### Exercise description
Give the records back exactly as written, but without the images.

### Data listing
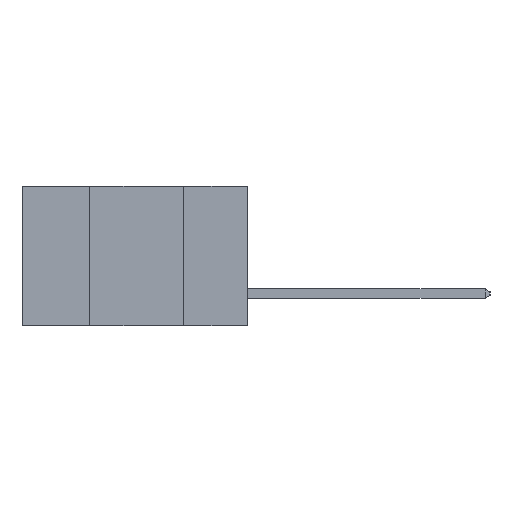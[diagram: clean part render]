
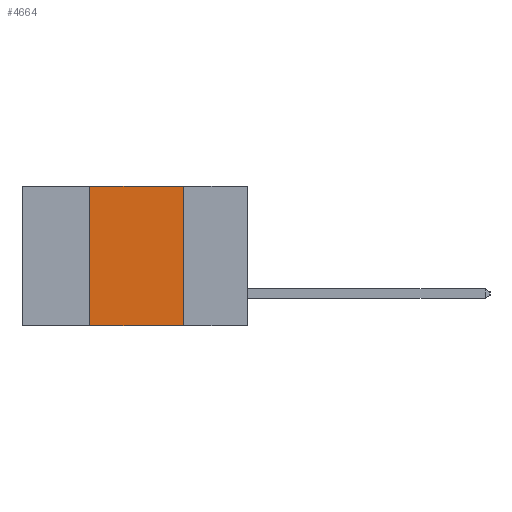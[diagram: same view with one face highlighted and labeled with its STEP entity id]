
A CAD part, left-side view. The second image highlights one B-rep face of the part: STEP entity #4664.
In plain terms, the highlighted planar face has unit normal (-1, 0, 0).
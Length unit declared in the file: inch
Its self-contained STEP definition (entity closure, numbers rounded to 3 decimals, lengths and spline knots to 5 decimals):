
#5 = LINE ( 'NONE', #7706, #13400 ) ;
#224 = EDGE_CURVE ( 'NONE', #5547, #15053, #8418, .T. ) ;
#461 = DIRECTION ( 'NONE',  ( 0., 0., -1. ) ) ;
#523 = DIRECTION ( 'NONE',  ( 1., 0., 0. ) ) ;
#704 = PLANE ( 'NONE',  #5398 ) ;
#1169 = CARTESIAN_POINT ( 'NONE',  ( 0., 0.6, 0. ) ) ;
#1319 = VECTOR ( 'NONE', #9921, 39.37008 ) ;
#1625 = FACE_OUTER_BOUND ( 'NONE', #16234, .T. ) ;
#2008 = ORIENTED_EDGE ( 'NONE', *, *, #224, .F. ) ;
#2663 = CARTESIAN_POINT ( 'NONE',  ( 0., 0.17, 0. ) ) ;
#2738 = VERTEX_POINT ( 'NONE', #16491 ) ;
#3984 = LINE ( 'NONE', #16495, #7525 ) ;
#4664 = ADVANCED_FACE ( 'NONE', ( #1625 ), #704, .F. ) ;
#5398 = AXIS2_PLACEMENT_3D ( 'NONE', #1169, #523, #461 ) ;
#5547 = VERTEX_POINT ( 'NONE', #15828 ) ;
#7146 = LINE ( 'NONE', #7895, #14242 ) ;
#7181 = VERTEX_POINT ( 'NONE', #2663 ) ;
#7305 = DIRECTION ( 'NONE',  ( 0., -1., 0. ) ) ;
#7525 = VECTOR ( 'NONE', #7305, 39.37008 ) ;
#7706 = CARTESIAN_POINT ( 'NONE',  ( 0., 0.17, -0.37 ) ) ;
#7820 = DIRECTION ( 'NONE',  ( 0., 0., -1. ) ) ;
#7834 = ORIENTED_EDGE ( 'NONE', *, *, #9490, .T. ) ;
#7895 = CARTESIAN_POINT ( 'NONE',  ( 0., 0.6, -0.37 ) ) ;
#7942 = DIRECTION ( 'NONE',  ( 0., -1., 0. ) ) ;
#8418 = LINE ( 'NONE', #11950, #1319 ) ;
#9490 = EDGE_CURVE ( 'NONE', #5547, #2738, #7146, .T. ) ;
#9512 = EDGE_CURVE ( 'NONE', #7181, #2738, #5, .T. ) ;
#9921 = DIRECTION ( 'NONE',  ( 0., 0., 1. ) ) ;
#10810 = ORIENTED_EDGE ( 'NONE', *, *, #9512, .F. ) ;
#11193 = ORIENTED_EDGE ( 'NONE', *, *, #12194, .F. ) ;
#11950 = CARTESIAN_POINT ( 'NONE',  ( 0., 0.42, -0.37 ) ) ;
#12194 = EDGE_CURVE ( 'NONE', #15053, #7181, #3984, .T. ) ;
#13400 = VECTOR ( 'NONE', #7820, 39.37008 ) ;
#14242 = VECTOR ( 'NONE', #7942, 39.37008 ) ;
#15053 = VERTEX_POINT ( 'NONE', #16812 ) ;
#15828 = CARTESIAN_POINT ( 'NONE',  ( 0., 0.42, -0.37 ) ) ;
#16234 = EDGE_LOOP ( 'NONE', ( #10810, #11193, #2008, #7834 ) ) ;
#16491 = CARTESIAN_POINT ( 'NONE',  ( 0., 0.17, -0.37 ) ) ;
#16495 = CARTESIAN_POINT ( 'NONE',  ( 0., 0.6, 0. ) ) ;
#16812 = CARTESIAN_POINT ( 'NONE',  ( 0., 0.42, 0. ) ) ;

### Response to this exercise
[diagram: clean part render]
[diagram: same view with one face highlighted and labeled with its STEP entity id]
A CAD part, left-side view. The second image highlights one B-rep face of the part: STEP entity #4664.
In plain terms, the highlighted planar face has unit normal (-1, 0, 0).
Length unit declared in the file: inch
Its self-contained STEP definition (entity closure, numbers rounded to 3 decimals, lengths and spline knots to 5 decimals):
#5 = LINE ( 'NONE', #7706, #13400 ) ;
#224 = EDGE_CURVE ( 'NONE', #5547, #15053, #8418, .T. ) ;
#461 = DIRECTION ( 'NONE',  ( 0., 0., -1. ) ) ;
#523 = DIRECTION ( 'NONE',  ( 1., 0., 0. ) ) ;
#704 = PLANE ( 'NONE',  #5398 ) ;
#1169 = CARTESIAN_POINT ( 'NONE',  ( 0., 0.6, 0. ) ) ;
#1319 = VECTOR ( 'NONE', #9921, 39.37008 ) ;
#1625 = FACE_OUTER_BOUND ( 'NONE', #16234, .T. ) ;
#2008 = ORIENTED_EDGE ( 'NONE', *, *, #224, .F. ) ;
#2663 = CARTESIAN_POINT ( 'NONE',  ( 0., 0.17, 0. ) ) ;
#2738 = VERTEX_POINT ( 'NONE', #16491 ) ;
#3984 = LINE ( 'NONE', #16495, #7525 ) ;
#4664 = ADVANCED_FACE ( 'NONE', ( #1625 ), #704, .F. ) ;
#5398 = AXIS2_PLACEMENT_3D ( 'NONE', #1169, #523, #461 ) ;
#5547 = VERTEX_POINT ( 'NONE', #15828 ) ;
#7146 = LINE ( 'NONE', #7895, #14242 ) ;
#7181 = VERTEX_POINT ( 'NONE', #2663 ) ;
#7305 = DIRECTION ( 'NONE',  ( 0., -1., 0. ) ) ;
#7525 = VECTOR ( 'NONE', #7305, 39.37008 ) ;
#7706 = CARTESIAN_POINT ( 'NONE',  ( 0., 0.17, -0.37 ) ) ;
#7820 = DIRECTION ( 'NONE',  ( 0., 0., -1. ) ) ;
#7834 = ORIENTED_EDGE ( 'NONE', *, *, #9490, .T. ) ;
#7895 = CARTESIAN_POINT ( 'NONE',  ( 0., 0.6, -0.37 ) ) ;
#7942 = DIRECTION ( 'NONE',  ( 0., -1., 0. ) ) ;
#8418 = LINE ( 'NONE', #11950, #1319 ) ;
#9490 = EDGE_CURVE ( 'NONE', #5547, #2738, #7146, .T. ) ;
#9512 = EDGE_CURVE ( 'NONE', #7181, #2738, #5, .T. ) ;
#9921 = DIRECTION ( 'NONE',  ( 0., 0., 1. ) ) ;
#10810 = ORIENTED_EDGE ( 'NONE', *, *, #9512, .F. ) ;
#11193 = ORIENTED_EDGE ( 'NONE', *, *, #12194, .F. ) ;
#11950 = CARTESIAN_POINT ( 'NONE',  ( 0., 0.42, -0.37 ) ) ;
#12194 = EDGE_CURVE ( 'NONE', #15053, #7181, #3984, .T. ) ;
#13400 = VECTOR ( 'NONE', #7820, 39.37008 ) ;
#14242 = VECTOR ( 'NONE', #7942, 39.37008 ) ;
#15053 = VERTEX_POINT ( 'NONE', #16812 ) ;
#15828 = CARTESIAN_POINT ( 'NONE',  ( 0., 0.42, -0.37 ) ) ;
#16234 = EDGE_LOOP ( 'NONE', ( #10810, #11193, #2008, #7834 ) ) ;
#16491 = CARTESIAN_POINT ( 'NONE',  ( 0., 0.17, -0.37 ) ) ;
#16495 = CARTESIAN_POINT ( 'NONE',  ( 0., 0.6, 0. ) ) ;
#16812 = CARTESIAN_POINT ( 'NONE',  ( 0., 0.42, 0. ) ) ;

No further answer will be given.